Still life with Game: a hare and birds
1786 - 1787. Oil on canvas. Not on displayAccording to Nani himself, this still life depicts: a “rest during the hunt with a hat on the ground” and the hunter’s bagged game. The dead animals are shown in different states: the hare still bleeding, the partridge already skinned and one of the three partridges plucked. Together, the birds present a realistic vision, albeit one subordinated to the decorative nature of the composition. This canvas was commissioned by the heir to the throne, the future Charles IV, for the Royal Palace in Madrid.
This painting and its companion (P000264) are documented in an invoice which Nani submitted for payment to the prince in December 1786. They belong to a long-standing type of game still life depicting trophies of the hunt. The pieces of game are here nonchalantly piled upon a river bank, in a landscape notable for its sparkling luminosity. The blood dripping from the hare, as can also be seen in the hunting piece of Goya, suggests a fresh kill. Some of the birds have already been plucked, doubtless for an outdoors meal “on the hoof”. Nani evidently knew his game and his invoice carefully itemized the subject matter. He called one of the paintings “the huntsman´s rest”, referring to the black hat of the hunter left on the ground, along with a plucked quail, a tied hare, two partridge with feathers and another plucked, and a landscape view. The other was said to depict a duck with a partridge tied to a tree, two quails, one of them plucked, with a landscape view. Nani referred to these types of still lifes as “historiadas”, since a narrative element was implied by the accoutrements of the hunt included in the composition and which only implied the presence of human figures he was otherwise ill equipped to paint. The Neapolitan artist Mariano Nani, son of the still-life painter Giacomo Nani (1698-1770), had come to Madrid with King Charles III (r.1759-88) to paint at the Buen Retiro porcelain factory. He also painted still lifes for the open market and, in 1764, was awarded the title of academician in the speciality of the still-life painting for a presentation piece, Still Life with Fruit, Sheep, Hare, Game Birds and Cat (Madrid, Real Academia de San Fernando) which was an official demonstration of his representational abilities in a wide range of subject matters, including live animals.

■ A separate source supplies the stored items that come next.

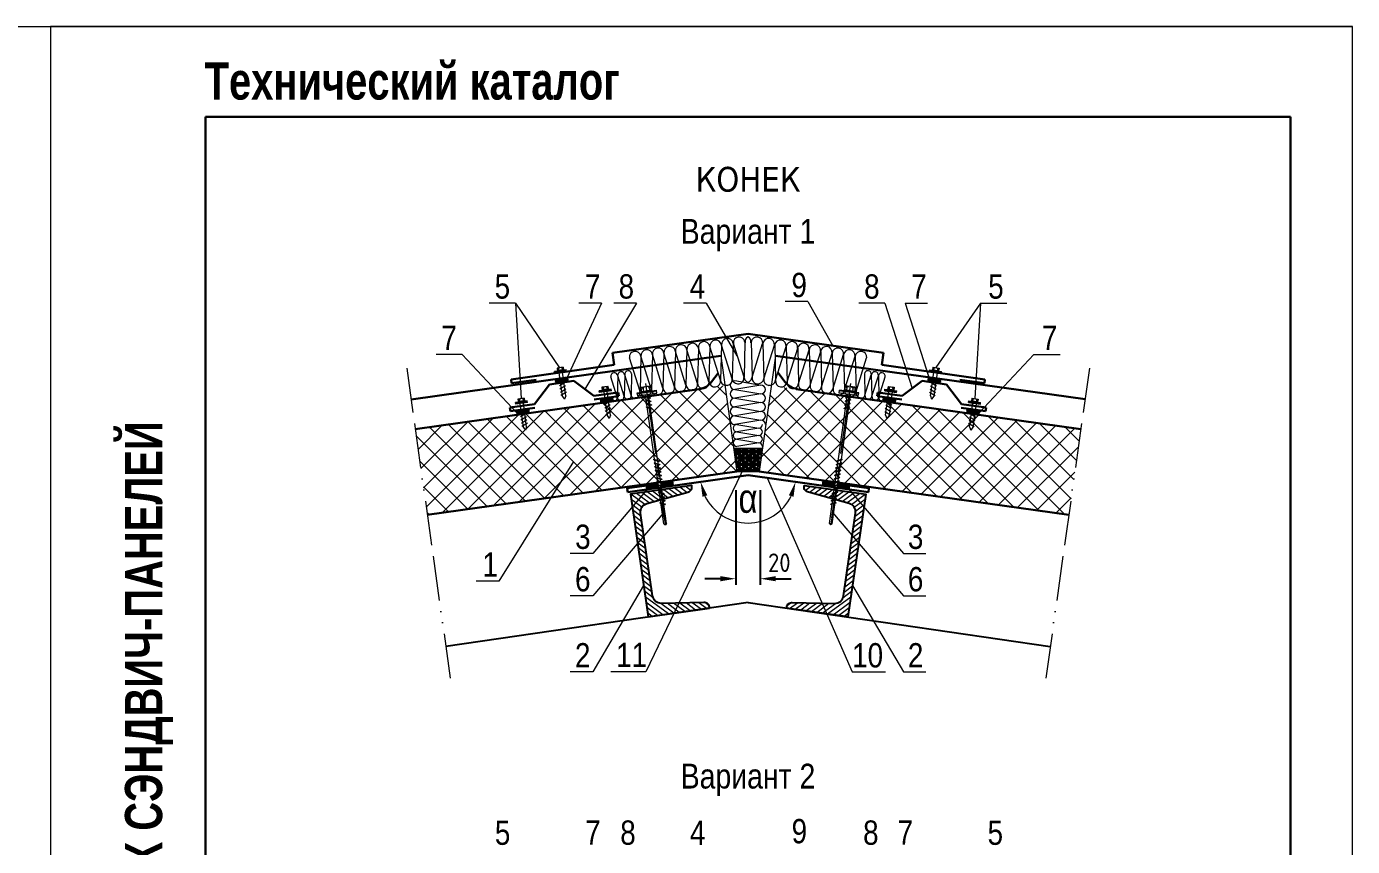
# Model space of a CAD drawing. Extents: x 5821 to 16321, y -13531 to 5774.
# Drawn here: x 7902 to 8971, y -12708 to -12046 of the extents above; entities that cross this region are included whole.
import ezdxf
from ezdxf.enums import TextEntityAlignment as Align

# ---------------------------------------------------------------- set-up
doc = ezdxf.new("R2010")
doc.units = 0
doc.header["$LTSCALE"] = 3
doc.linetypes.add('ACAD_ISO13W100', pattern=[36, 12, -3, 12, -3, 0, -3, 0, -3])
doc.linetypes.add('CENTER2', pattern=[28.575, 19.05, -3.175, 3.175, -3.175])
doc.layers.get('0').update_dxf_attribs({"linetype": 'CONTINUOUS', "lineweight": 30})
doc.layers.get('DEFPOINTS').update_dxf_attribs({"linetype": 'CONTINUOUS'})
for name, color, linetype, lineweight in [('new_fill', 8, 'CONTINUOUS', 13), ('RAZMER', 7, 'CONTINUOUS', 9), ('Нащельники', 1, 'CONTINUOUS', 30), ('Саморезы', 7, 'CONTINUOUS', 13)]:
    doc.layers.add(name, color=color, linetype=linetype, lineweight=lineweight)
doc.layers.add('Прогон', color=7, linetype='CONTINUOUS')
doc.styles.add('ROMANS', font='romans.shx', dxfattribs={"width": 0.85})
doc.styles.get("Standard").update_dxf_attribs({"font": 'TAHOMA.TTF'})
doc.styles.add('style1', font='ARIALN.TTF')
doc.styles.add('style2', font='impact.TTF')
doc.dimstyles.new('5', dxfattribs={"dimscale": 5, "dimtxt": 3, "dimasz": 2.5, "dimexe": 1, "dimexo": 3, "dimgap": 0, "dimtad": 0, "dimdec": 0, "dimzin": 9, "dimdsep": 46, "dimtxsty": 'ROMANS', "dimblk2": 'OBLIQUE', "dimcen": -3, "dimdle": 1.5, "dimclrd": 256, "dimclre": 256, "dimclrt": 256, "dimadec": 0, "dimazin": 0, "dimtfac": 1, "dimtdec": 0, "dimtofl": 0, "dimtmove": 2, "dimatfit": 3, "dimfxl": 0, "dimtvp": 1, "dimtolj": 1, "dimtzin": 9, "dimarcsym": 0})
doc.dimstyles.get("Standard").update_dxf_attribs({"dimscale": 0, "dimtxt": 3, "dimasz": 3, "dimexe": 2.5, "dimexo": 2.5, "dimgap": 1.5, "dimtad": 0, "dimdec": 0, "dimzin": 9, "dimdsep": 46, "dimtxsty": 'ROMANS', "dimcen": -3, "dimdle": 1.25, "dimadec": 0, "dimazin": 0, "dimtfac": 0.75, "dimtdec": 0, "dimtofl": 0, "dimtmove": 2, "dimatfit": 3, "dimfxl": 0, "dimtvp": 1.5, "dimtolj": 1, "dimtzin": 0, "dimarcsym": 0})
pattern_1 = [(0, (422.5248, -19201.2039), (0, 1.25), []), (60, (422.5248, -19201.2039), (-1.08253175, 0.625), []), (120, (422.5248, -19201.2039), (-1.08253175, -0.625), [])]

# ---------------------------------------------------------------- blocks, each defined once
blk = doc.blocks.new('3volna')
at = {"layer": 'new_fill'}
for p, q in [((-2.8, 35.9), (-3.6, 4.3)), ((2.8, 35.9), (3.6, 4.3)), ((-85.7, 24.6), (-86.5, -7.1)), ((-76.2, -5.6), (-85.7, 24.6)), ((-75.4, 26), (-76.2, -5.6)), ((-65.9, -4.2), (-75.4, 26)), ((-65.1, 27.5), (-65.9, -4.2)), ((-55.6, -2.7), (-65.1, 27.5)), ((-54.8, 28.9), (-55.6, -2.7)), ((-45.3, -1.3), (-54.8, 28.9)), ((-44.5, 30.4), (-45.3, -1.3)), ((-35, 0.2), (-44.5, 30.4)), ((-34.2, 31.8), (-35, 0.2)), ((-24.7, 1.6), (-34.2, 31.8)), ((-23.9, 33.3), (-24.7, 1.6)), ((-14.2, 2.9), (-23.7, 33.1)), ((-13.3, 34.6), (-14.2, 2.9)), ((-3.6, 4.3), (-13.1, 34.5)), ((3.6, 4.3), (13.1, 34.5)), ((13.3, 34.6), (14.2, 2.9)), ((14.2, 2.9), (23.7, 33.1)), ((23.9, 33.3), (24.7, 1.6)), ((24.7, 1.6), (34.2, 31.8)), ((34.2, 31.8), (35, 0.2)), ((35, 0.2), (44.5, 30.4)), ((44.5, 30.4), (45.3, -1.3)), ((45.3, -1.3), (54.8, 28.9)), ((54.8, 28.9), (55.6, -2.7)), ((55.6, -2.7), (65.1, 27.5)), ((65.1, 27.5), (65.9, -4.2)), ((65.9, -4.2), (75.4, 26)), ((75.4, 26), (76.2, -5.6)), ((76.2, -5.6), (85.7, 24.6)), ((85.7, 24.6), (86.5, -7.1)), ((-96.8, -8.5), (-106.3, 21.7)), ((-96, 23.1), (-96.8, -8.5)), ((-86.5, -7.1), (-96, 23.1)), ((86.5, -7.1), (96, 23.1)), ((96, 23.1), (96.8, -8.5)), ((96.8, -8.5), (106.3, 21.7)), ((-117.3, -13.5), (-123, 4.8)), ((-116.8, 5.7), (-117.3, -13.5)), ((-111, -12.6), (-116.8, 5.7)), ((-110.5, 6.5), (-111, -12.6)), ((-104.8, -11.7), (-110.5, 6.5)), ((-104.3, 7.4), (-104.8, -11.7)), ((104.3, 7.4), (104.8, -11.7)), ((104.8, -11.7), (110.5, 6.5)), ((110.5, 6.5), (111, -12.6)), ((111, -12.6), (116.8, 5.7)), ((116.8, 5.7), (117.3, -13.5)), ((117.3, -13.5), (123, 4.8))]:
    blk.add_line(p, q, dxfattribs=at)
for centre, radius, start, end in [((-39.3, 31.1), 5.2, 8, 188), ((-29, 32.5), 5.2, 8, 188), ((-18.5, 33.9), 5.2, 8, 188), ((-8, 35.2), 5.2, 8, 188), ((2.5, 36), 5.2, 118.1139, 188), ((-2.5, 36), 5.2, 352, 61.8861), ((8, 35.2), 5.2, 352, 172), ((18.5, 33.9), 5.2, 352, 172), ((29, 32.5), 5.2, 352, 172), ((39.3, 31.1), 5.2, 352, 172), ((-101.2, 22.4), 5.2, 8, 188), ((-90.8, 23.8), 5.2, 8, 188), ((-80.5, 25.3), 5.2, 8, 188), ((-70.2, 26.7), 5.2, 8, 188), ((-59.9, 28.2), 5.2, 8, 188), ((-49.6, 29.6), 5.2, 8, 188), ((49.6, 29.6), 5.2, 352, 172), ((59.9, 28.2), 5.2, 352, 172), ((70.2, 26.7), 5.2, 352, 172), ((80.5, 25.3), 5.2, 352, 172), ((90.8, 23.8), 5.2, 352, 172), ((101.2, 22.4), 5.2, 352, 172), ((-119.9, 5.2), 3.15, 8, 188), ((-113.7, 6.1), 3.15, 8, 188), ((-107.4, 7), 3.15, 8, 188), ((-40.1, -0.6), 5.2, 278, 8), ((-29.8, 0.9), 5.2, 188, 278), ((-29.8, 0.9), 5.2, 278, 8), ((-19.5, 2.3), 5.2, 188, 278), ((-19.3, 2.2), 5.2, 278, 8), ((-9, 3.7), 5.2, 188, 278), ((-8.8, 3.5), 5.2, 278, 8), ((1.5, 5), 5.2, 188, 253.1622), ((-1.5, 5), 5.2, 286.8378, 352), ((8.8, 3.5), 5.2, 172, 262), ((9, 3.7), 5.2, 262, 352), ((19.3, 2.2), 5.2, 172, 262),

Nani attracted the attention of Charles Prince of Asturias, who had commissioned Meléndez´s extensive series of still lifes on the theme of the natural history of Spain, and became provider of still life for the Prince after the death of the latter. The key to Nani´s success here was his specialization in hunting subjects and his skill at painting dogs and live animals, which appealed greatly to a patron who avidly pursued field sports. It is likely that a number of his pictures commemorated actual pieces of game killed by his patron. Moreover, Nani emulated Flemish painters of the seventeenth century, increasingly admired in court circles for the verisimilitude with which they depicted animal´s skins. He seems to have been particularly taken by the painting of Jan Fyt, which he knew in the royal collection and other collections in Madrid. Nani evokes fur and feathers through densely layered, hatched brushwork and scoring with handle of the brush; stumping is used to give the puckered effect of the skin of plucked birds (Texto extractado de Cherry, Peter, In the presence of things: four centuries of European still-life painting, Calouste Gulbenkian Foundation, 2010, p. 232).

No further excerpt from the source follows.